Russia Hits Back As Obama Targets Oligarchs
US President Barack Obama has announced a series of fresh sanctions against Russia over its actions in Ukraine - prompting an immediate retaliation from Moscow.
In a speech on the White House lawn, Mr Obama said 20 individuals linked to the Russian government would be targeted for increased sanctions. A bank supporting those individuals will also be hit.
Among the senior Russian figures sanctioned by the US is Sergei Ivanov, one of President Vladimir Putin's closest associates.
Also being hit is Yuri Kovalchuk, who is considered to be Mr Putin's private banker, and two life-long friends who have become multi-billionaires during Mr Putin's presidency.
Moscow immediately banned nine US officials and politicians from entering Russia in retaliation.
A list of banned individuals released by the Russian Foreign Ministry included Deputy National Security Adviser Benjamin Rhodes and senators John McCain, Harry Reid, Daniel Coats and Mary Landrieu.
House of Representatives speaker John Boehner and the Head of the Senate Foreign Affairs Committee Robert Menendez are also barred, alongside Mr Obama's aides Caroline Atkinson and Daniel Pfeiffer.
The US is working with the European Union on a series of more stringent measures should the Kremlin continue in what Mr Obama described as an "illegitimate" incursion into the Crimean peninsula.
He said: "I signed a new executive order today that gives us the authority to impose sanctions not just on individuals but on key sectors of the Russian economy."
The US has declared Bank Rossiya, which serves a financial institution for senior Russian officials, and 20 individuals to be "Specially Designated Nationals".
This means the individuals' assets in the US will be frozen and they will be banned from entering the country.

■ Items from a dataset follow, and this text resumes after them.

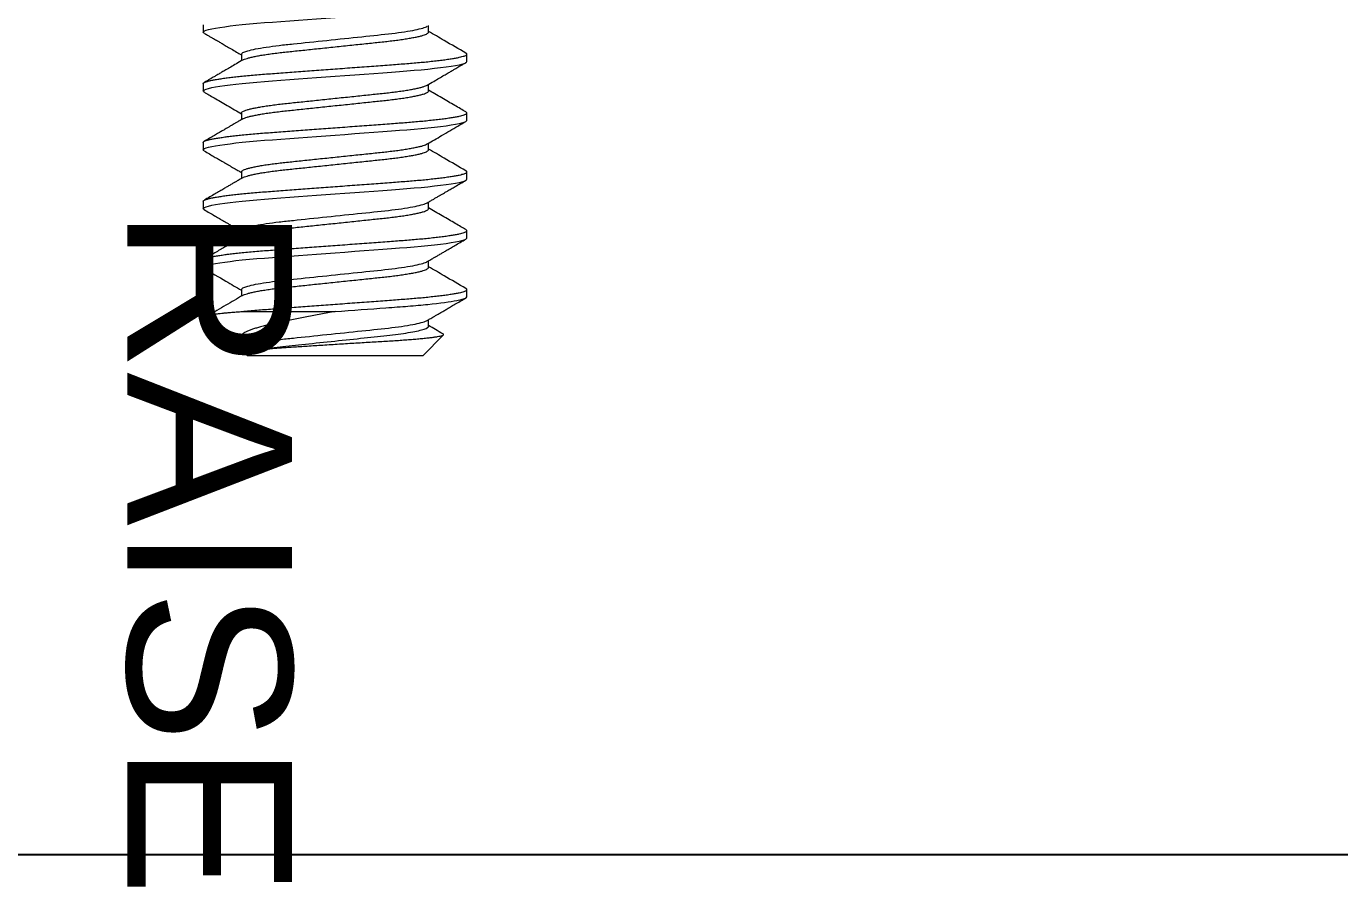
# Model space of a CAD drawing. Header units: inches. Extents: x 1.3 to 19.8, y 1.7 to 13.
# Drawn here: x 13.588 to 14.146, y 10.034 to 10.399 of the extents above; entities that cross this region are included whole.
import ezdxf

# ---------------------------------------------------------------- set-up
doc = ezdxf.new("R2010")
doc.units = ezdxf.units.IN
doc.header["$MEASUREMENT"] = 0
doc.linetypes.add('SLD-Solid', pattern=[0])
for name, color, linetype in [('Fastener', 134, 'Continuous'), ('Solenoid', 6, 'Continuous'), ('Text', 50, 'Continuous')]:
    doc.layers.add(name, color=color, linetype=linetype)
doc.styles.get("Standard").update_dxf_attribs({"font": 'arial.ttf'})

msp = doc.modelspace()

# ---------------------------------------------------------------- linework, layer by layer
at = {"layer": 'Fastener', "linetype": 'SLD-Solid', "lineweight": 15}
for p, q in [((13.66324, 10.39979), (13.66324, 10.39667)), ((13.759, 10.39667), (13.759, 10.39948)), ((13.67948, 10.38729), (13.67948, 10.38447)), ((13.77524, 10.38417), (13.77524, 10.38729)), ((13.66324, 10.37479), (13.66324, 10.37167)), ((13.759, 10.37167), (13.759, 10.37448)), ((13.67948, 10.36229), (13.67948, 10.35947)), ((13.77524, 10.35917), (13.77524, 10.36229)), ((13.66324, 10.34979), (13.66324, 10.34667)), ((13.759, 10.34667), (13.759, 10.34948)), ((13.67948, 10.33729), (13.67948, 10.33447)), ((13.77524, 10.33417), (13.77524, 10.33729)), ((13.66324, 10.32479), (13.66324, 10.32167)), ((13.759, 10.32167), (13.759, 10.32449)), ((13.67948, 10.31229), (13.67948, 10.30947)), ((13.77524, 10.30917), (13.77524, 10.31229)), ((13.66324, 10.29979), (13.66324, 10.29667)), ((13.759, 10.29667), (13.759, 10.29949)), ((13.67948, 10.28729), (13.67948, 10.28447)), ((13.77524, 10.28417), (13.77524, 10.28729)), ((13.67928, 10.27792), (13.71924, 10.27792)), ((13.66524, 10.27591), (13.67803, 10.26312)), ((13.759, 10.27167), (13.759, 10.27449)), ((13.75649, 10.25917), (13.76531, 10.26799)), ((13.67948, 10.26229), (13.67948, 10.26168)), ((13.67948, 10.26168), (13.68199, 10.25917)), ((13.67948, 10.26168), (13.68703, 10.26168)), ((13.75649, 10.25917), (13.68199, 10.25917))]:
    msp.add_line(p, q, dxfattribs=at)
at = {"layer": 'Fastener', "linetype": 'SLD-Solid', "lineweight": 15, "flags": 128}
for points in [[(13.66365, 10.39623), (13.66336, 10.39642), (13.66324, 10.39667), (13.66338, 10.39692), (13.66381, 10.3972), (13.66453, 10.39748), (13.66556, 10.39778), (13.66689, 10.39808), (13.66852, 10.39839), (13.67033, 10.39869), (13.67238, 10.39898), (13.67466, 10.39927), (13.67715, 10.39956), (13.67982, 10.39985), (13.68284, 10.40014), (13.68602, 10.40042), (13.68931, 10.40069), (13.69271, 10.40094), (13.69629, 10.40121), (13.70003, 10.40149), (13.70371, 10.40176), (13.70749, 10.40204), (13.71136, 10.40233), (13.71528, 10.40262), (13.71924, 10.40292), (13.72344, 10.40323), (13.7276, 10.40354), (13.73169, 10.40384), (13.73568, 10.40414), (13.73953, 10.40443), (13.74323, 10.4047), (13.74656, 10.40495), (13.74974, 10.40519), (13.75283, 10.40544), (13.75581, 10.40571), (13.75866, 10.40599), (13.76149, 10.40629), (13.76411, 10.40659), (13.76649, 10.4069), (13.76861, 10.40722), (13.77045, 10.40753), (13.772, 10.40783), (13.77318, 10.40812), (13.77409, 10.4084), (13.77474, 10.40866), (13.77512, 10.40892), (13.77524, 10.40917), (13.77524, 10.40917)], [(13.66365, 10.37122), (13.66336, 10.37142), (13.66324, 10.37167), (13.66338, 10.37192), (13.66381, 10.3722), (13.66453, 10.37248), (13.66556, 10.37278), (13.66689, 10.37308), (13.66852, 10.37339), (13.67033, 10.37369), (13.67238, 10.37398), (13.67466, 10.37427), (13.67715, 10.37456), (13.67982, 10.37485), (13.68284, 10.37514), (13.68602, 10.37542), (13.68931, 10.37569), (13.69271, 10.37594), (13.69629, 10.37621), (13.70003, 10.37649), (13.70371, 10.37676), (13.70749, 10.37704), (13.71136, 10.37733), (13.71528, 10.37762), (13.71924, 10.37792), (13.72344, 10.37823), (13.7276, 10.37854), (13.73169, 10.37884), (13.73568, 10.37914), (13.73953, 10.37943), (13.74323, 10.3797), (13.74656, 10.37995), (13.74974, 10.38019), (13.75283, 10.38044), (13.75581, 10.38071), (13.75866, 10.38099), (13.76149, 10.38129), (13.76411, 10.38159), (13.76649, 10.3819), (13.76861, 10.38222), (13.77045, 10.38253), (13.772, 10.38283), (13.77318, 10.38312), (13.77409, 10.3834), (13.77474, 10.38366), (13.77512, 10.38392), (13.77524, 10.38417), (13.77524, 10.38417)], [(13.66365, 10.34622), (13.66336, 10.34642), (13.66324, 10.34667), (13.66338, 10.34692), (13.66381, 10.3472), (13.66453, 10.34748), (13.66556, 10.34778), (13.66689, 10.34808), (13.66852, 10.34839), (13.67033, 10.34869), (13.67238, 10.34898), (13.67466, 10.34927), (13.67715, 10.34956), (13.67982, 10.34985), (13.68284, 10.35014), (13.68602, 10.35042), (13.68931, 10.35069), (13.69271, 10.35094), (13.69629, 10.35121), (13.70003, 10.35149), (13.70371, 10.35176), (13.70749, 10.35204), (13.71136, 10.35233), (13.71528, 10.35262), (13.71924, 10.35292), (13.72344, 10.35323), (13.7276, 10.35354), (13.73169, 10.35384), (13.73568, 10.35414), (13.73953, 10.35443), (13.74323, 10.3547), (13.74656, 10.35495), (13.74974, 10.35519), (13.75283, 10.35544), (13.75581, 10.35571), (13.75866, 10.35599), (13.76149, 10.35629), (13.76411, 10.35659), (13.76649, 10.3569), (13.76861, 10.35722), (13.77045, 10.35753), (13.772, 10.35783), (13.77318, 10.35812), (13.77409, 10.3584), (13.77474, 10.35866), (13.77512, 10.35892), (13.77524, 10.35917), (13.77524, 10.35917)], [(13.66365, 10.32122), (13.66336, 10.32142), (13.66324, 10.32167), (13.66338, 10.32192), (13.66381, 10.3222), (13.66453, 10.32248), (13.66556, 10.32278), (13.66689, 10.32308), (13.66852, 10.32339), (13.67033, 10.32369), (13.67238, 10.32398), (13.67466, 10.32427), (13.67715, 10.32456), (13.67982, 10.32485), (13.68284, 10.32514), (13.68602, 10.32542), (13.68931, 10.32569), (13.69271, 10.32594), (13.69629, 10.32621), (13.70003, 10.32649), (13.70371, 10.32676), (13.70749, 10.32704), (13.71136, 10.32733), (13.71528, 10.32762), (13.71924, 10.32792), (13.72344, 10.32823), (13.7276, 10.32854), (13.73169, 10.32884), (13.73568, 10.32914), (13.73953, 10.32943), (13.74323, 10.3297), (13.74656, 10.32995), (13.74974, 10.33019), (13.75283, 10.33044), (13.75581, 10.33071), (13.75866, 10.33099), (13.76149, 10.33129), (13.76411, 10.33159), (13.76649, 10.3319), (13.76861, 10.33222), (13.77045, 10.33253), (13.772, 10.33283), (13.77318, 10.33312), (13.77409, 10.3334), (13.77474, 10.33366), (13.77512, 10.33392), (13.77524, 10.33417), (13.77524, 10.33417)], [(13.66365, 10.29623), (13.66336, 10.29642), (13.66324, 10.29667), (13.66338, 10.29692), (13.66381, 10.2972), (13.66453, 10.29748), (13.66556, 10.29778), (13.66689, 10.29808), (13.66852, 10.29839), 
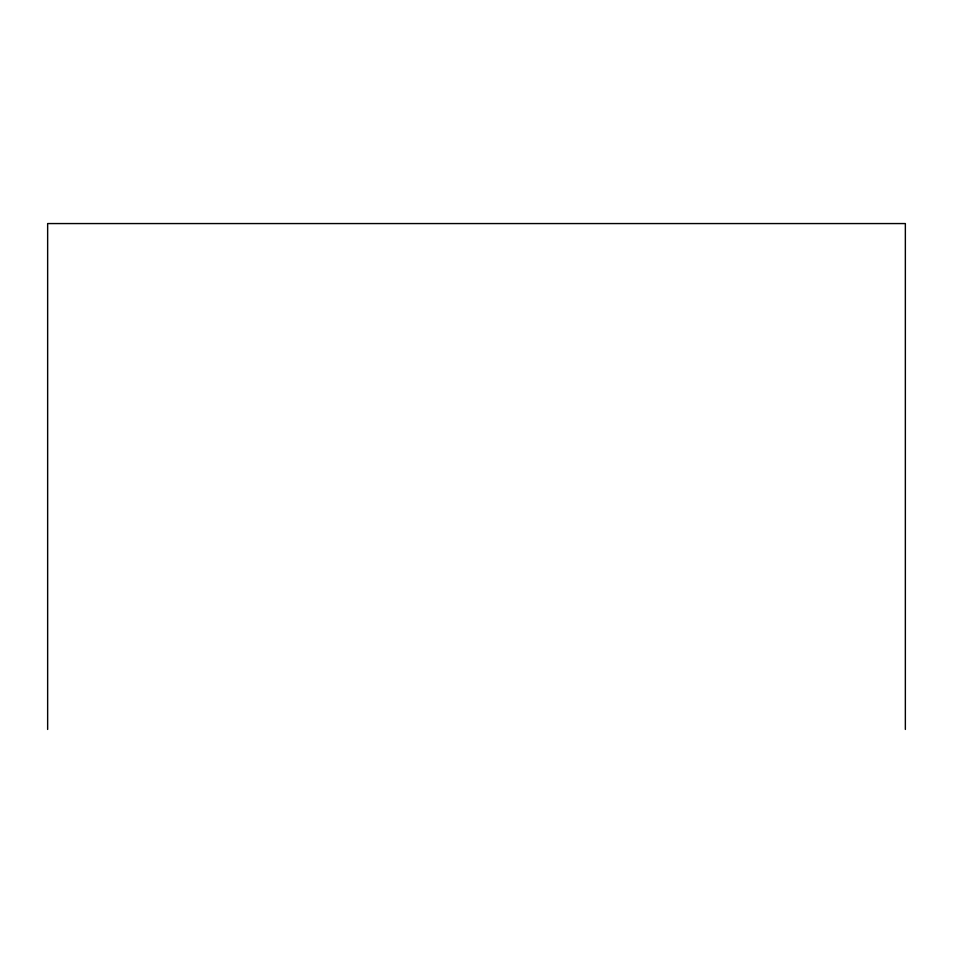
<?xml version="1.0" encoding="UTF-8"?>
<svg xmlns="http://www.w3.org/2000/svg" width="953" height="953" viewBox="0 0 953 953"><rect width="100%" height="100%" fill="white"/><g stroke="black" fill="none" stroke-linecap="round" stroke-linejoin="round"><path stroke-width="1.43" d="M905.35 729.438L905.35 223.562L47.65 223.562L47.65 729.438"/></g></svg>

Russia's Foreign Ministry said its retaliatory sanctions will "hit the United States like a boomerang".
"There should be no doubt: each hostile attack will be met in an adequate manner," the ministry said.
A spokesman for Mr Boehner said he was "proud" to be among those named, while Mr McCain has also reacted to Moscow's decision, saying: "I'm proud to be sanctioned by Putin - I'll never cease my efforts & dedication to freedom & independence of #Ukraine, which includes #Crimea."
Mr Obama has ruled out military action but his statement comes as EU leaders meet in Brussels to discuss an expansion of its own sanctions.
Further bank account freezes and travel bans on all those linked to the crisis is on the EU's agenda, and wider trade and financial restrictions are now under consideration.
The G8 - a group of leading industrial nations, including Russia - has been suspended until the crisis is resolved.
"The EU summit today and tomorrow will make clear that we are ready at any time to introduce phase-three measures if there is a worsening of the situation," German Chancellor Angela Merkel.
"As long as there is no political climate for an important format such as the G8, as is the case at the moment, the G8 no longer exists. Neither does the summit nor the format as such."
Europe's dependency on Russian gas will also be discussed by EU leaders.
Arriving at the summit, Prime Minister David Cameron revealed Ukraine would be offered closer links with the EU.
Despite the increasing threat of economic sanctions, the Kremlin has cranked up its attempt to absorb Crimea into Russia.
Troops have seized military bases on the peninsula and on Thursday Russia's deputy defence minister Yuri Borisov said their military presence in Crimea would be bolstered to protect against "all possible encroachments" and to make it "a worthy representative of the Russian Federation".
This came as Russia's lower house of parliament overwhelmingly approved a treaty to annex Crimea from Ukraine.
There is now just one legal obstacle before Crimea is absorbed by Moscow - ratification from Russia's upper house - although little resistance is expected there.
Ukrainian troops in Crimea are currently being redeployed to the mainland by the Kiev government.
Ukrainian navy commander Serhiy Haiduk and several other hostages were detained by Crimean authorities on Wednesday but have now been released.
Meanwhile, United Nations Secretary-General Ban Ki-moon travelled to Russia to meet Mr Putin on Thursday.
As talks started, Mr Ban said he was "deeply concerned" at the current situation.
The UN chief will fly to Kiev for talks with Ukraine's acting president and prime minister on Friday.